Hong Kong'da yoğun ve canlı bir enerji var, herkes telaşlı görünüyor. Burada 15-20 yıldır yaşayan Türklerle de tanıştım, onlar eskiden çok daha dinamik bir hayatın olduğunu şimdi biraz sakinleştiğini söylüyorlar. Oysa bana göre, Çin'e bağlı özel idari bir bölge olan Hong Kong'da (kendi hukuk sistemi, para birimi ve pasaportu var) zaman olağanüstü bir hızla ilerliyor: insanlar ya bir yere gidiyor ya da bir yerden dönüyor. Başıboş gezenler sadece turistler, onlar da bir an önce şehir manzarası görme veya benzeri bir deneyim yaşama telaşında. Bir hafta boyunca kendimi bir çizgi romanda (elbette bir manga) hissettim. Sanki her şey iki boyutlu bir çizgi roman estetiğine bürünmüş gibi tuhaf bir lezzet taşıyordu.

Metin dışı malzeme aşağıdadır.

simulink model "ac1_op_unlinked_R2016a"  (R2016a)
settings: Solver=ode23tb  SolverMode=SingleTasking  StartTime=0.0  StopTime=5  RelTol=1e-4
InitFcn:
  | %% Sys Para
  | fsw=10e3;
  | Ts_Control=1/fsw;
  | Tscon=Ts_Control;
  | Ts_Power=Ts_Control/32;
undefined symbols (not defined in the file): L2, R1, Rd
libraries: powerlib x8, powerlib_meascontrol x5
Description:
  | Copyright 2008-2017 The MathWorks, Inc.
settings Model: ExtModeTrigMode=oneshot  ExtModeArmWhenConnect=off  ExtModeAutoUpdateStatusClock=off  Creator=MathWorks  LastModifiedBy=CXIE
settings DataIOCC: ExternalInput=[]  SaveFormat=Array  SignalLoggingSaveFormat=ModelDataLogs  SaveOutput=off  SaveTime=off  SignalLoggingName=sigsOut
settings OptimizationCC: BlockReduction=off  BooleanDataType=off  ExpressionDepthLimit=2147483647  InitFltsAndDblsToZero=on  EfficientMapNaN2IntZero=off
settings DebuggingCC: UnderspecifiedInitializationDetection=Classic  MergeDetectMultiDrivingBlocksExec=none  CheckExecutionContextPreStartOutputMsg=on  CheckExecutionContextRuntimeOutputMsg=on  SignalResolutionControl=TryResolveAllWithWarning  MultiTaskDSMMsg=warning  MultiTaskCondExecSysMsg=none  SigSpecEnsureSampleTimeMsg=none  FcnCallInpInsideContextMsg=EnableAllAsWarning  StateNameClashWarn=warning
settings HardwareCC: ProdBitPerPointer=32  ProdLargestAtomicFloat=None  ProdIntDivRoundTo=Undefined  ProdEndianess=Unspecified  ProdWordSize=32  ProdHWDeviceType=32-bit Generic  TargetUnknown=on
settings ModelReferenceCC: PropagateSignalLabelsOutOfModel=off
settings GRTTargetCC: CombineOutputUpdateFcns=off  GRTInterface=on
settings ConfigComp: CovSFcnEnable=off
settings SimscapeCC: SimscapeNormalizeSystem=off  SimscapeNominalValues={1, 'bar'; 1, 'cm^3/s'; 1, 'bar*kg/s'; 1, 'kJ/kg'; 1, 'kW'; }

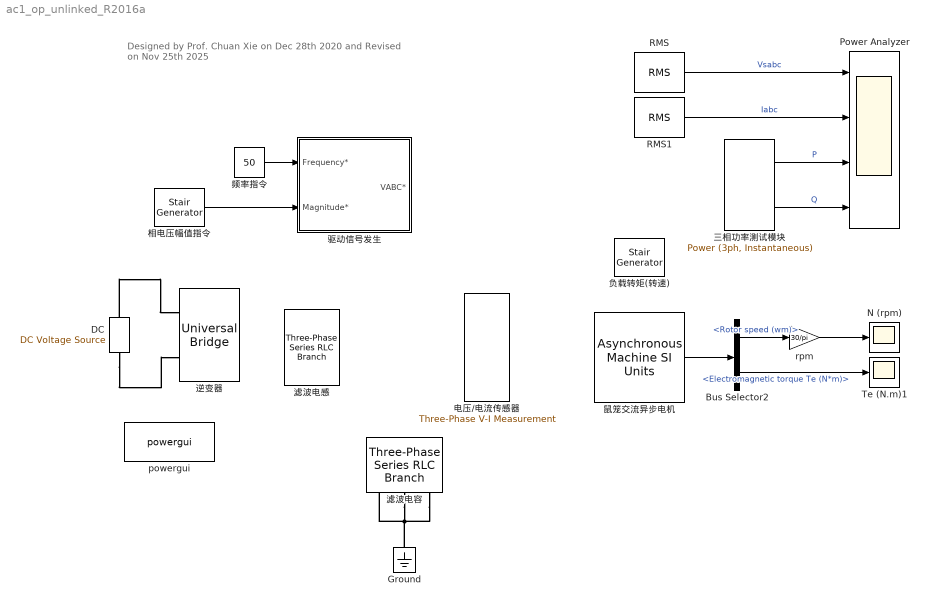
== system ac1_op_unlinked_R2016a ==
  note: Designed by Prof. Chuan Xie
      | on Dec 28th 2020
      | and Revised on Nov 25th 2025
  Bus Selector2 : BusSelector  OutputSignals=Mechanical.Rotor speed (wm),Mechanical.Electromagnetic torque Te (N*m)
  DC : powerlib/Electrical Sources/DC Voltage Source  Amplitude=650  Measurements=None
  Ground : powerlib/Elements/Ground  LConnTagsString=a
  N (rpm) : Scope
  Power Analyzer : Scope  NumInputPorts=4
  RMS : powerlib_meascontrol/Measurements/RMS  TrueRMS=on  Freq=50  RMSInit=120  Ts=0
  RMS1 : powerlib_meascontrol/Measurements/RMS  TrueRMS=on  Freq=50  RMSInit=120  Ts=0
  Te (N.m)1 : Scope
  powergui : powerlib/powergui  SimulationMode=Continuous  SampleTime=Ts_Power  frequency=60  Iterations=50  frequencyindice=50  Pbase=100e6  ErrMax=1e-4  UnitsV=kV  UnitsW=MW  buscounter=0  FunctionMessages=off  echomessages=off  EnableUseOfTLC=off  CurrentSourceSwitches=off  DisableSnubberDevices=off  DisableRonSwitches=off  DisableVfSwitches=off  DisplayEquations=off  AutomaticDiscreteSolvers=off  SolverType=Tustin  Interpol=off  ExternalGateDelay=off  methode=off  Ts=0  x0status=blocks  SPID=on  SwTol=0  HookPort=off  NonlinearTolerance=1e-4  nMaxIteration=100  ContinueOnMaxIteration=off  RestoreLinks=warning  ResistiveCurrentMeasurement=off  Frange=[0:2:500]  Ylog=off  Xlog=on  ShowGrid=off  save=off  variable=ZData  structure=0  ZoomFFT=on  StartTime=0.0  cycles=1  DisplayStyle=1  fundamental=60  FreqAxis=off  MaxFrequency=1000  frequencyindicesteady=1  RmsSteady=1  display=off
  rpm : Gain  Gain=30/pi  SaturateOnIntegerOverflow=on  OutDataTypeStr=Inherit: Same as input  ParamDataTypeStr=Inherit: Same as input
  三相功率测试模块 : powerlib_meascontrol/Measurements/Power (3ph, Instantaneous)
  滤波电容 : powerlib/Elements/Three-Phase Series RLC Branch  LConnTagsString=A|B|C  RConnTagsString=A|B|C  BranchType=C  Resistance=Rd  Inductance=L2  Capacitance=10e-6  Measurements=Branch currents
  滤波电感 : powerlib/Elements/Three-Phase Series RLC Branch  LConnTagsString=A|B|C  RConnTagsString=A|B|C  BranchType=L  Resistance=R1  Inductance=1e-3  Capacitance=1e-6  Measurements=Branch currents
  电压/电流传感器 : powerlib/Measurements/Three-Phase V-I Measurement  VoltageMeasurement=phase-to-ground  SetLabelV=off  LabelV=Vc1  Vpu=off  VpuLL=off  CurrentMeasurement=yes  SetLabelI=off  LabelI=IL1  Ipu=off  Pbase=100e6  Vbase=280  OutputType=Complex  PhasorSimulation=off  PSBequivalent=0
  相电压幅值指令 : powerlib_meascontrol/Pulse & Signal Generators/Stair Generator  t=[0]  e=[0]  Ts=0
  负载转矩(转速) : powerlib_meascontrol/Pulse & Signal Generators/Stair Generator  t=[0]  e=[0]  Ts=0
  逆变器 : powerlib/Power Electronics/Universal Bridge  Arms=3  SnubberResistance=1e5  SnubberCapacitance=inf  Device=Average-model based VSC  Ron=1e-3  Lon=0  ForwardVoltages="[  0  0  ]"  ForwardVoltage=0  GTOparameters=[ 10e-6 , 20e-6 ]  IGBTparameters=[ 1e-6 , 2e-6 ]  Measurements=None  Measurements_2=None  converterType=Rectifier
  频率指令 : Constant  Value=50
  驱动信号发生 : Subsystem
  鼠笼交流异步电机 : powerlib/Machines/Asynchronous Machine SI Units  RotorType=Squirrel-cage  PresetModel="17:  20 HP (15KW)   400 V 50Hz 1460 RPM"  MechanicalLoad=Mechanical rotational port  ShowDetailedParameters=on  ReferenceFrame=Rotor  Units=SI  MeasurementBus=off  NominalParameters=[1.5e+04 400 50]  Stator=[0.2147 0.000991]  Rotor=[0.2205 0.000991]  Cage1=[0.4155 0.002066]  Cage2=[0.4168 0.0003495]  Lm=0.06419  Mechanical=[0.102 0.009541 2]  PolePairs=2  InitialConditions="[ 1,0   0,0,0   0,0,0 ]"  SimulateSaturation=off  Saturation=[14.03593122, 27.81365428, 53.79336849, 72.68890987, 97.98006896, 148.6815601, 215.7428561, 302.9841135, 428.7778367 ; 230, 322, 414, 460, 506, 552, 598, 644, 690]  LoadFlowParameters=1492000  TsPowergui=0  TsBlock=-1  IterativeModel=Trapezoidal non iterative  IterativeDiscreteModel=Trapezoidal non iterative  Pmec=1.492e+006
  wires:
  rpm/1 -> N (rpm)/1
  Bus Selector2/2 -> Te (N.m)1/1  "<Electromagnetic torque Te (N*m)>"
  鼠笼交流异步电机/1 -> Bus Selector2/1
  Bus Selector2/1 -> rpm/1  "<Rotor speed (wm)>"
  频率指令/1 -> 驱动信号发生/1(Frequency*)
  相电压幅值指令/1 -> 驱动信号发生/2(Magnitude*)
  三相功率测试模块/2 -> Power Analyzer/4  "Q"
  三相功率测试模块/1 -> Power Analyzer/3  "P"
  RMS/1 -> Power Analyzer/1  "Vsabc"
  RMS1/1 -> Power Analyzer/2  "Iabc"
  connections:
  DC/RConn1 -- 逆变器/RConn1
  DC/LConn1 -- 逆变器/RConn2
  滤波电容/LConn2 -- Ground/LConn1 -- 滤波电容/LConn3 -- 滤波电容/LConn1

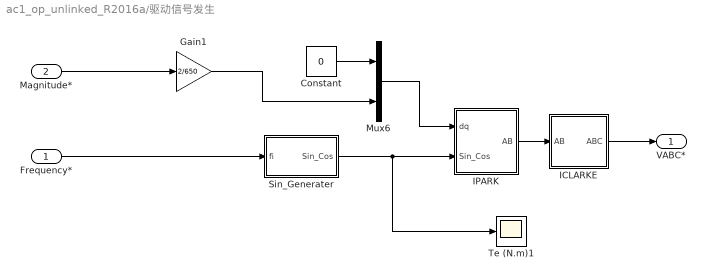
== system ac1_op_unlinked_R2016a/驱动信号发生 ==
  Frequency* : Inport
  Magnitude* : Inport  Port=2
  Constant : Constant  Value=0  SampleTime=Tscon
  Gain1 : Gain  Gain=2/650
  ICLARKE : Subsystem
  IPARK : Subsystem
  Mux6 : Mux  Inputs=2
  Sin_Generater : Subsystem
  Te (N.m)1 : Scope
  VABC* : Outport
  wires:
  Mux6/1 -> IPARK/1(dq)
  Magnitude*/1 -> Gain1/1
  Frequency*/1 -> Sin_Generater/1(fi)
  Sin_Generater/1(Sin_Cos) -> Te (N.m)1/1, IPARK/2(Sin_Cos)
  Constant/1 -> Mux6/1
  IPARK/1(AB) -> ICLARKE/1(AB)
  ICLARKE/1(ABC) -> VABC*/1
  Gain1/1 -> Mux6/2

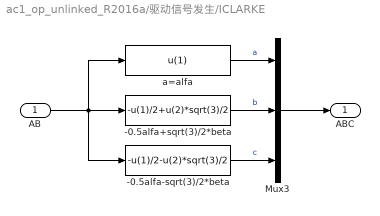
== system ac1_op_unlinked_R2016a/驱动信号发生/ICLARKE ==
  AB : Inport
  -0.5alfa+sqrt(3)/2*beta : Fcn  Expr=-u(1)/2+u(2)*sqrt(3)/2
  "-0.5alfa-sqrt(3)/2*beta " : Fcn  Expr=-u(1)/2-u(2)*sqrt(3)/2
  Mux3 : Mux  Inputs=3
  a=alfa : Fcn  Expr=u(1)
  ABC : Outport
  wires:
  -0.5alfa+sqrt(3)/2*beta/1 -> Mux3/2  "b"
  "-0.5alfa-sqrt(3)/2*beta "/1 -> Mux3/3  "c"
  Mux3/1 -> ABC/1
  AB/1 -> "-0.5alfa-sqrt(3)/2*beta "/1, -0.5alfa+sqrt(3)/2*beta/1, a=alfa/1
  a=alfa/1 -> Mux3/1  "a"

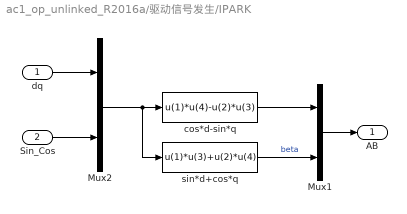
== system ac1_op_unlinked_R2016a/驱动信号发生/IPARK ==
  dq : Inport
  Sin_Cos : Inport  Port=2
  Mux1 : Mux  Inputs=2
  Mux2 : Mux  Inputs=2
  cos*d-sin*q : Fcn  Expr=u(1)*u(4)-u(2)*u(3)
  sin*d+cos*q : Fcn  Expr=u(1)*u(3)+u(2)*u(4)
  AB : Outport
  wires:
  Mux2/1 -> cos*d-sin*q/1, sin*d+cos*q/1
  Sin_Cos/1 -> Mux2/2
  dq/1 -> Mux2/1
  cos*d-sin*q/1 -> Mux1/1
  sin*d+cos*q/1 -> Mux1/2  "beta"
  Mux1/1 -> AB/1

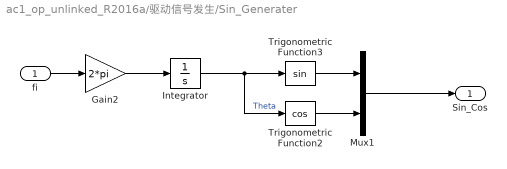
== system ac1_op_unlinked_R2016a/驱动信号发生/Sin_Generater ==
  fi : Inport
  Gain2 : Gain  Gain=2*pi
  Integrator : Integrator  WrapState=on  WrappedStateUpperValue=2*pi  WrappedStateLowerValue=0
  Mux1 : Mux  Inputs=[1 1]
  Trigonometric Function2 : Trigonometry  Operator=cos
  Trigonometric Function3 : Trigonometry
  Sin_Cos : Outport
  wires:
  Mux1/1 -> Sin_Cos/1
  Trigonometric Function3/1 -> Mux1/1
  Trigonometric Function2/1 -> Mux1/2
  fi/1 -> Gain2/1
  Gain2/1 -> Integrator/1
  Integrator/1 -> Trigonometric Function2/1, Trigonometric Function3/1  "Theta"

Hong Kong, Çince'de 'tütsü kokulu liman' anlamına geliyor; yalnızca bir ticaret merkezi değil, aynı zamanda geçmişle geleceğin, geleneğin ve modern yaşamın iç içe geçtiği bir şehir. Saat endüstrisi ise küresel ekonomik belirsizlikler ve pandeminin gölgesinde yoluna devam ediyor, tıpkı fuardaki kalabalığın hem nostaljiye hem yeniliğe kucak açması gibi. Her şey dönüşüyor ama bazı şeyler hiç değişmiyor. Hong Kong'da hoşuma giden ana duygu şu oldu: temel ihtiyaç maddesi olmayan çoğu mekanik olan saatler bizi bir araya getiriyor ve birçok başka duyguyla birlikte saatler üzerinden zamanı ve insanı yeniden değerlendirme fırsatı sunuyor.
Saat deyip geçmeyelim, sayısal veriler bu ticaretin ne kadar büyük olduğunu gösteriyor: Hong Kong, 16,8 milyar USD gelir ile saat ihraç eden ülkeler arasında ikinci sırada, ilk sırada İsviçre (27,5 milyar USD) var, sonra Çin (9,5 milyar USD) ve Japonya (3 milyar USD) geliyor. Dünyanın dört bir yanından saatler buraya geliyor ve buradan tekrar dünyaya gönderiliyor. Hong Kong, özellikle Çin'e yönelik saat ticaretinde önemli bir dağıtım merkezi. İsviçre'den gelen saatlerin önemli bir bölümü de Hong Kong üzerinden Çin'e ve diğer Asya pazarlarına dağıtılıyor. Yüksek teknolojinin ve yapay zekanın büyük ilgi gördüğü bir zamanda geleneksel saatlerin bu kadar güçlü bir pazar ilgisi görmesi, insanların sanata, zanaata ve duygusal değerlere önem verdiğini gösterir. Bu nedenle saat fuarları bir pazar yerinden öte, yeni bir değer sisteminin bir kutlamasına dönüşüyor. Bazı insanlar, hızlı bir dünyada kalıcılık, geleneğe saygı ve kişisel bir ifade arayışı (aklıma gazeteler ve kitaplar da geliyor) içindeler. Bir saat satın almak sadece lüks bir harcama değil, aynı zamanda bir mirasın parçasını edinmek, bir anıyı somutlaştırmak ve kişisel bir duruşu sergilemek anlamına geliyor.